BEGIN

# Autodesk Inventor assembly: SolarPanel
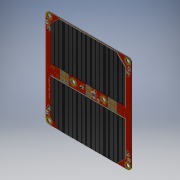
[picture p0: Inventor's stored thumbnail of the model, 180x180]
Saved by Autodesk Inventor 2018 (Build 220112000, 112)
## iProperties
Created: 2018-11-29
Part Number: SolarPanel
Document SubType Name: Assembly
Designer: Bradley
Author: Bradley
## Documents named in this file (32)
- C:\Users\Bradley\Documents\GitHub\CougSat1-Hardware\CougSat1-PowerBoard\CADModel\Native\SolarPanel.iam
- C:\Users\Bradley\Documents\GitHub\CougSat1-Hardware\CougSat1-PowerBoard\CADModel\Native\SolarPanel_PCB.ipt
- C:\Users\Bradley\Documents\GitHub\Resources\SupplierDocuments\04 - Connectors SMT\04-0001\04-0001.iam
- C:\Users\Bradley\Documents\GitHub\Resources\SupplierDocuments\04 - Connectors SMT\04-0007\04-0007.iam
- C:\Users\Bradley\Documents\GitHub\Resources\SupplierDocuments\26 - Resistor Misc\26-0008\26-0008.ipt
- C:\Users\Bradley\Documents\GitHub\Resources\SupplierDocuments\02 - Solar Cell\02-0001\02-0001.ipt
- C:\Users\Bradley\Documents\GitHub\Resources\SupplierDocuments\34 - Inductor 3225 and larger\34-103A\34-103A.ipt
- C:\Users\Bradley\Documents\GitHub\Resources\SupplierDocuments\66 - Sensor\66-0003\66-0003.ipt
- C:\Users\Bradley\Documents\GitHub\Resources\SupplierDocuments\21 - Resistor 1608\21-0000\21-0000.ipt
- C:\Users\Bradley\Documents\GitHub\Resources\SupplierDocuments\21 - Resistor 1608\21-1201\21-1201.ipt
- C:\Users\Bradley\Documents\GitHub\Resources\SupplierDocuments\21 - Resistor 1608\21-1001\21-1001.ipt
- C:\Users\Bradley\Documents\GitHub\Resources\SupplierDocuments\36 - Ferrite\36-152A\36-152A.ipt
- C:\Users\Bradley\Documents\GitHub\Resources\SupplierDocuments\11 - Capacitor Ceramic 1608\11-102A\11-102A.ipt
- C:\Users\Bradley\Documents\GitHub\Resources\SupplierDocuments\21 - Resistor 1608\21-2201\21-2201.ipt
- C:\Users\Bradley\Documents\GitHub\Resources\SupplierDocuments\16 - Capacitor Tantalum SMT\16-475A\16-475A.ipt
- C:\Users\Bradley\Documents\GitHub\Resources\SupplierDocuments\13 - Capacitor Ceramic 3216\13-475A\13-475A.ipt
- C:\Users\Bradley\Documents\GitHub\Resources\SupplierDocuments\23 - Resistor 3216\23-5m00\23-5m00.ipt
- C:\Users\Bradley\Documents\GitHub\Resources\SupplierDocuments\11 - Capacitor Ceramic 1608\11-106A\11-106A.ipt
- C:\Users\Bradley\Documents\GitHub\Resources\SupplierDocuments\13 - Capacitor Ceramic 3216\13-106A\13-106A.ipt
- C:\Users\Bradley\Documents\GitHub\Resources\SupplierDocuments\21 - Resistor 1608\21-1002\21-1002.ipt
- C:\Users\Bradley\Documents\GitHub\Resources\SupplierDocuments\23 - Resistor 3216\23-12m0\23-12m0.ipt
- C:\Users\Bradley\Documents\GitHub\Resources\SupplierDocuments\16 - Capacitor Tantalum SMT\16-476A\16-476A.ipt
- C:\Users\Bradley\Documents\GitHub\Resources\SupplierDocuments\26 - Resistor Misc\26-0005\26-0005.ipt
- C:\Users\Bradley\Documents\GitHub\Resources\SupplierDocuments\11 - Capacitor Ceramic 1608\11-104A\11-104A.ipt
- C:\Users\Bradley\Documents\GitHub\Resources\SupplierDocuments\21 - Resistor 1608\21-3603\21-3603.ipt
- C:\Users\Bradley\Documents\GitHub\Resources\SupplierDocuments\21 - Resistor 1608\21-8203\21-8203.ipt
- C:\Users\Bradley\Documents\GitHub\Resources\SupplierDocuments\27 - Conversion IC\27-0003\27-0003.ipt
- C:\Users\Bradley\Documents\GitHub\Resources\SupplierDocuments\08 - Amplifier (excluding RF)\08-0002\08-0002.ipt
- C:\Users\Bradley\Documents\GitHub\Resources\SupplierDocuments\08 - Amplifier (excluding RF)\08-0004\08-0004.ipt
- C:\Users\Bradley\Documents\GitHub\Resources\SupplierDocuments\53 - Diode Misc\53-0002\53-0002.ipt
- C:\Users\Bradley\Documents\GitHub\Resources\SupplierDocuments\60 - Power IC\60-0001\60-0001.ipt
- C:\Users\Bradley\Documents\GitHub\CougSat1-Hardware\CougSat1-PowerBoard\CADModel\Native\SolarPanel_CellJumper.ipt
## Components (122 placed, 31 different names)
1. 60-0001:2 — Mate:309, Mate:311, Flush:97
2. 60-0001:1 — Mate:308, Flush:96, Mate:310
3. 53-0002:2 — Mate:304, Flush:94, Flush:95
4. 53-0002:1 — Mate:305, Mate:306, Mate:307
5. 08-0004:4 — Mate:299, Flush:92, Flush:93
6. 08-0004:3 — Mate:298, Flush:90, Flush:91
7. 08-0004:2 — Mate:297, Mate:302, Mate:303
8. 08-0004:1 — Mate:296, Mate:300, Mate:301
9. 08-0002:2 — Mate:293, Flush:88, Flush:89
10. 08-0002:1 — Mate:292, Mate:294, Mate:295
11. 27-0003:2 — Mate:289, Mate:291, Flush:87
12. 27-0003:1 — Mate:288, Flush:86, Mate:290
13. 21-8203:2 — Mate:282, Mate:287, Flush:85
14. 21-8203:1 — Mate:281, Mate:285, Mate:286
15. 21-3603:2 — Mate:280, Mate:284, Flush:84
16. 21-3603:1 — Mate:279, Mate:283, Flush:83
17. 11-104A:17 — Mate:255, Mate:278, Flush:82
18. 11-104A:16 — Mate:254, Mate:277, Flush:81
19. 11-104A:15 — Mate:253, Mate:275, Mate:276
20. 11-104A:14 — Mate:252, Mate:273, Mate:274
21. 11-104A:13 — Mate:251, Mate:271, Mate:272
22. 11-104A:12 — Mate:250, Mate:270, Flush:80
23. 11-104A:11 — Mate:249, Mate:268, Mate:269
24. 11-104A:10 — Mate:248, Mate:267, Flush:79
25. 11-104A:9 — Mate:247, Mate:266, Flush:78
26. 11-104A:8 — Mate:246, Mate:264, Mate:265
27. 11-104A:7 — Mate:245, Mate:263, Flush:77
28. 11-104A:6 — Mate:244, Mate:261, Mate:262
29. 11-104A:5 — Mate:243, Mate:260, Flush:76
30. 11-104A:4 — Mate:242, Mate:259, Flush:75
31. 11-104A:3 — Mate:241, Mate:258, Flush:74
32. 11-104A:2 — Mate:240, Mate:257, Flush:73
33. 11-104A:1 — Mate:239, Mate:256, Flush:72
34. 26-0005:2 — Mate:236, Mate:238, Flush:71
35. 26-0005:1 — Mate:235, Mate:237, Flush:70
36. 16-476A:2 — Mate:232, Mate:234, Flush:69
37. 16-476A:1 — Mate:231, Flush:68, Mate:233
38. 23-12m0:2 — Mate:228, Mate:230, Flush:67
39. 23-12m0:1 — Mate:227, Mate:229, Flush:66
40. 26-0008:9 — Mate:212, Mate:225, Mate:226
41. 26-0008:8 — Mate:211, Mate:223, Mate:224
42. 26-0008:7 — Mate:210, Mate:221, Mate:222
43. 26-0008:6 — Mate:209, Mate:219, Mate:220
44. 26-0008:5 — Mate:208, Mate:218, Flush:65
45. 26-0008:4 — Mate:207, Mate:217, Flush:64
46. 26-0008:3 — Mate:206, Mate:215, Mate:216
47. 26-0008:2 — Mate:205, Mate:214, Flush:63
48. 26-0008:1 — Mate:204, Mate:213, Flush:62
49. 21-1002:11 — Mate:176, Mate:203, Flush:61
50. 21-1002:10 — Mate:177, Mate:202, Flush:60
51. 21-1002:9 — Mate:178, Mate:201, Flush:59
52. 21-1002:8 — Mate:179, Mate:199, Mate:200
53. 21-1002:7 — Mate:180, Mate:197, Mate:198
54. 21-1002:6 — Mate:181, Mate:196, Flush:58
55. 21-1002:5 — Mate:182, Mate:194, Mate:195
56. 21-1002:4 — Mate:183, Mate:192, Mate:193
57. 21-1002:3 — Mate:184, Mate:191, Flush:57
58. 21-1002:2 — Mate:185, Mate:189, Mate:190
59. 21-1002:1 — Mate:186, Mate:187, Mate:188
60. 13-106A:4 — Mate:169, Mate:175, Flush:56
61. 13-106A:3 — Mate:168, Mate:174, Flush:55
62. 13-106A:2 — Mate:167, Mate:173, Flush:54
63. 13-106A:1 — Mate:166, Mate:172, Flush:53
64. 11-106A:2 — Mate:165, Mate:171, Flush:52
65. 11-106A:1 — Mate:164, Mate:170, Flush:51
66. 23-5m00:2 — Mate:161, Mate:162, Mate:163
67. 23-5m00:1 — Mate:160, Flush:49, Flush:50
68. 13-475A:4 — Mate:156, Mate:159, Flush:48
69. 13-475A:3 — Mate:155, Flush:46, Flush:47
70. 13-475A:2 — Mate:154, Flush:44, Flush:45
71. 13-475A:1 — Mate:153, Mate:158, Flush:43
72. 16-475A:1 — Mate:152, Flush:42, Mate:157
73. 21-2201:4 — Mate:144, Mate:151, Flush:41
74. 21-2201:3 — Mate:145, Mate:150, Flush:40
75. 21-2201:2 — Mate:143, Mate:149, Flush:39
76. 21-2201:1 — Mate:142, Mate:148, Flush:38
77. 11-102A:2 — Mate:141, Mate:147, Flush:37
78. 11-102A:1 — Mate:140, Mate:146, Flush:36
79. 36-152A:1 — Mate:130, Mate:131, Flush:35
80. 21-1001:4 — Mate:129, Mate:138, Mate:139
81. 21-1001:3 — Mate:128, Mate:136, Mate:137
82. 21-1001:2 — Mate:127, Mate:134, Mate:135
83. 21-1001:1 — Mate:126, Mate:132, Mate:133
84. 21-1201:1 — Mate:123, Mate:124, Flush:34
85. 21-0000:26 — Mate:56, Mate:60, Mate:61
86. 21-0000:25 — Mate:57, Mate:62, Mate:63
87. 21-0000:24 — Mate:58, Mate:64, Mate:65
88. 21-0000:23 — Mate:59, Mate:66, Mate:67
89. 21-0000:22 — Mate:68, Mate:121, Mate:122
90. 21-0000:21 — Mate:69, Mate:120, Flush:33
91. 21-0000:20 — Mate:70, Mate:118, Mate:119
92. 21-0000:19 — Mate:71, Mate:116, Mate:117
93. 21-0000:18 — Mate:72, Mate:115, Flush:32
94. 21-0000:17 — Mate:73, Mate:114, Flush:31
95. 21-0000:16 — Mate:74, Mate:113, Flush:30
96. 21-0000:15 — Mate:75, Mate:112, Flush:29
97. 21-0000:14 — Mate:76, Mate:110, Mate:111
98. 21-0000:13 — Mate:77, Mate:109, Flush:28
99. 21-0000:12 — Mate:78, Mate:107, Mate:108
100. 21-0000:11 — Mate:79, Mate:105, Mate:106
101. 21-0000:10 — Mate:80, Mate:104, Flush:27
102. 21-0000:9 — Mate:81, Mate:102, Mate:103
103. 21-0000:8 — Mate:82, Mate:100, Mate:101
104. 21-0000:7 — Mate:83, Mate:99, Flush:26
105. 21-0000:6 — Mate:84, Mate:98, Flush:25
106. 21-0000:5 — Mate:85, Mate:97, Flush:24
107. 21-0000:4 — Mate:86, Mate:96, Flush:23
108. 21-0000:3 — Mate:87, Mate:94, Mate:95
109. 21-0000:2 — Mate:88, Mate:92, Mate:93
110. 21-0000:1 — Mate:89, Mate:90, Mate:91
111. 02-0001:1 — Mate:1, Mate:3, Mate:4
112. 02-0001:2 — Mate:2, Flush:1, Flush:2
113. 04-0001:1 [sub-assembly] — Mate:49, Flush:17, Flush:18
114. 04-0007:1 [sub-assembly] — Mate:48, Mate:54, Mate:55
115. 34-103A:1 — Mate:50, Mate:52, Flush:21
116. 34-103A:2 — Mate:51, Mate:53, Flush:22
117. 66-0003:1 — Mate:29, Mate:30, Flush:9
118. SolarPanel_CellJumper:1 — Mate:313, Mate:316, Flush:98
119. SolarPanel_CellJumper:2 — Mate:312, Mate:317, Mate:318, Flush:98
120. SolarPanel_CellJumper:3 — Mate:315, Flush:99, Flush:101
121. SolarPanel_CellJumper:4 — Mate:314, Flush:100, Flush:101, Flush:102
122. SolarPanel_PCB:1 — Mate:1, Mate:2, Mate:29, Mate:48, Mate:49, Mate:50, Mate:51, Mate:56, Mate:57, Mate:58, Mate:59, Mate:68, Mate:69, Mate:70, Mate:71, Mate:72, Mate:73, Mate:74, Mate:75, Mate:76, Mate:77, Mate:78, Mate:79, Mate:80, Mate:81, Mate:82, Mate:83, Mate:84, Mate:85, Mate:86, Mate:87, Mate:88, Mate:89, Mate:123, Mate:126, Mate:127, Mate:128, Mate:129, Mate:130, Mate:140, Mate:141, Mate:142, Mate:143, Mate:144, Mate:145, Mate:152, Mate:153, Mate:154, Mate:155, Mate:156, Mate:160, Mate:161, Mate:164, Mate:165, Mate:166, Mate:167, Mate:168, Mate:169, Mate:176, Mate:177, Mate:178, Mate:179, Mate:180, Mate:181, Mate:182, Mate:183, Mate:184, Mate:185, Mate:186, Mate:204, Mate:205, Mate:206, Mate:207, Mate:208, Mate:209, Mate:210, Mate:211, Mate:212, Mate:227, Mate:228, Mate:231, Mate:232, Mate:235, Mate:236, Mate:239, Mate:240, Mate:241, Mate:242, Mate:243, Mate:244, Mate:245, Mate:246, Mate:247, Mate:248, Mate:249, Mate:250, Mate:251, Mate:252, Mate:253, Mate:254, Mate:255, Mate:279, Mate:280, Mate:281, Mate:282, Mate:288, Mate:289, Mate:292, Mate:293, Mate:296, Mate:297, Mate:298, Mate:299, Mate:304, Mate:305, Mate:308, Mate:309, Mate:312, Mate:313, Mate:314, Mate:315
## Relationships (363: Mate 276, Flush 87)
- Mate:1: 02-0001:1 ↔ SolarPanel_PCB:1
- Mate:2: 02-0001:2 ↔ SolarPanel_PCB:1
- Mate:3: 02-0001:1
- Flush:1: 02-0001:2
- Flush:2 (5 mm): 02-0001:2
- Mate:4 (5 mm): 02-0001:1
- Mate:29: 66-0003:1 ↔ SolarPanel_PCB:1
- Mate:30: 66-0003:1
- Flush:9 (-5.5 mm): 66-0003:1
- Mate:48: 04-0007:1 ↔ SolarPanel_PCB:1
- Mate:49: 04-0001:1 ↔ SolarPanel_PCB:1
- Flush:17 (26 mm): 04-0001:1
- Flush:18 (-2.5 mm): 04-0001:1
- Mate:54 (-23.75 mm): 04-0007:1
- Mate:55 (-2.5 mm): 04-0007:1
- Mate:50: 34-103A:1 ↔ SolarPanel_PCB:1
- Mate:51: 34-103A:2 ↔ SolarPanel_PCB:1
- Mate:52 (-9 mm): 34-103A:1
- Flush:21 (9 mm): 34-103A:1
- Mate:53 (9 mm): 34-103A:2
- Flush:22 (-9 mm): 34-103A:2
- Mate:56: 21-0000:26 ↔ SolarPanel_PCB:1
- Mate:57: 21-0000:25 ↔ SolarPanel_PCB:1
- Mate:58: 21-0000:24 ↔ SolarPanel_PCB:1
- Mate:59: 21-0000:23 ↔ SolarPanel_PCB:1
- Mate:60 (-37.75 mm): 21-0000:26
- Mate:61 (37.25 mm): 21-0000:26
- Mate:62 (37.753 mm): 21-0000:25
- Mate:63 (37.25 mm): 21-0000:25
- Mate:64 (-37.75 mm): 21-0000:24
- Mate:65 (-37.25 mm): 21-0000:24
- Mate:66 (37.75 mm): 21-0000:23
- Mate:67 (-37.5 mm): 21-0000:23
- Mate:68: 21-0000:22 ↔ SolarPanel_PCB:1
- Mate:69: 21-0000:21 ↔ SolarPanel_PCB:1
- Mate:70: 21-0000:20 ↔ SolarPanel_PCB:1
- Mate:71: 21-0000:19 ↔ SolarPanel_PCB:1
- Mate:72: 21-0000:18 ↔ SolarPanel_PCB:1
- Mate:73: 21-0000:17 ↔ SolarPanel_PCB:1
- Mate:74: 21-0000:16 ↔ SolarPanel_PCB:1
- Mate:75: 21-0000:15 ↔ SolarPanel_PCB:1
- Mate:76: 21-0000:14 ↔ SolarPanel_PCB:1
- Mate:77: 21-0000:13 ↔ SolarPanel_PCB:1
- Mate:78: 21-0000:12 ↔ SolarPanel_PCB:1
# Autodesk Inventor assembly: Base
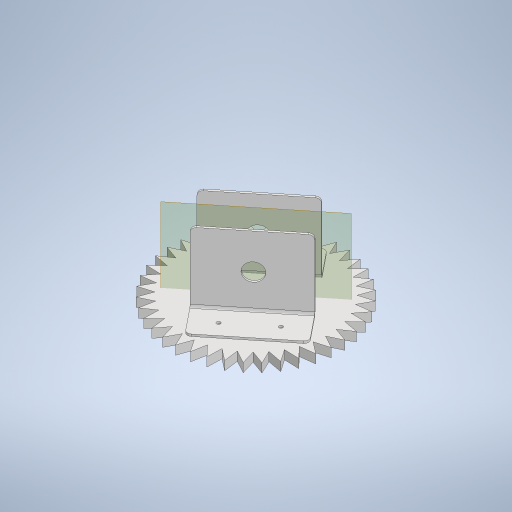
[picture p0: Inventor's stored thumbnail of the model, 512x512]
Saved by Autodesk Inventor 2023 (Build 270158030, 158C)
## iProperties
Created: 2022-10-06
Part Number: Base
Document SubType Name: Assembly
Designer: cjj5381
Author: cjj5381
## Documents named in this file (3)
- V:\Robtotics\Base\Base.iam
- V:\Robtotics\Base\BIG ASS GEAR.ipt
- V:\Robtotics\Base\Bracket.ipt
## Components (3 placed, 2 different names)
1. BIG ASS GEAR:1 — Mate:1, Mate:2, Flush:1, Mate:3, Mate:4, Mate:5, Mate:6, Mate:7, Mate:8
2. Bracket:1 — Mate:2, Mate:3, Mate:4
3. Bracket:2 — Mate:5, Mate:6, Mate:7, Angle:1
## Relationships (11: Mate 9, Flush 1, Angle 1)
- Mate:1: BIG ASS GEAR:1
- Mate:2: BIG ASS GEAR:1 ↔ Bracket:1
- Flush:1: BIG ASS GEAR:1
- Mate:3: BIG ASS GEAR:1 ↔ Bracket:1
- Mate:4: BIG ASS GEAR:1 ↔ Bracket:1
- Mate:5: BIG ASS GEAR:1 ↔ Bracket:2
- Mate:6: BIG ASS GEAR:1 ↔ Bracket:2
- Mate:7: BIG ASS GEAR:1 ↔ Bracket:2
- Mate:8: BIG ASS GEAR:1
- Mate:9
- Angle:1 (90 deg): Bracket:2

END

» Your objective: What is the number of lines in the records that include the word "Connectors"? Answer with that number only.

» Written reply: 2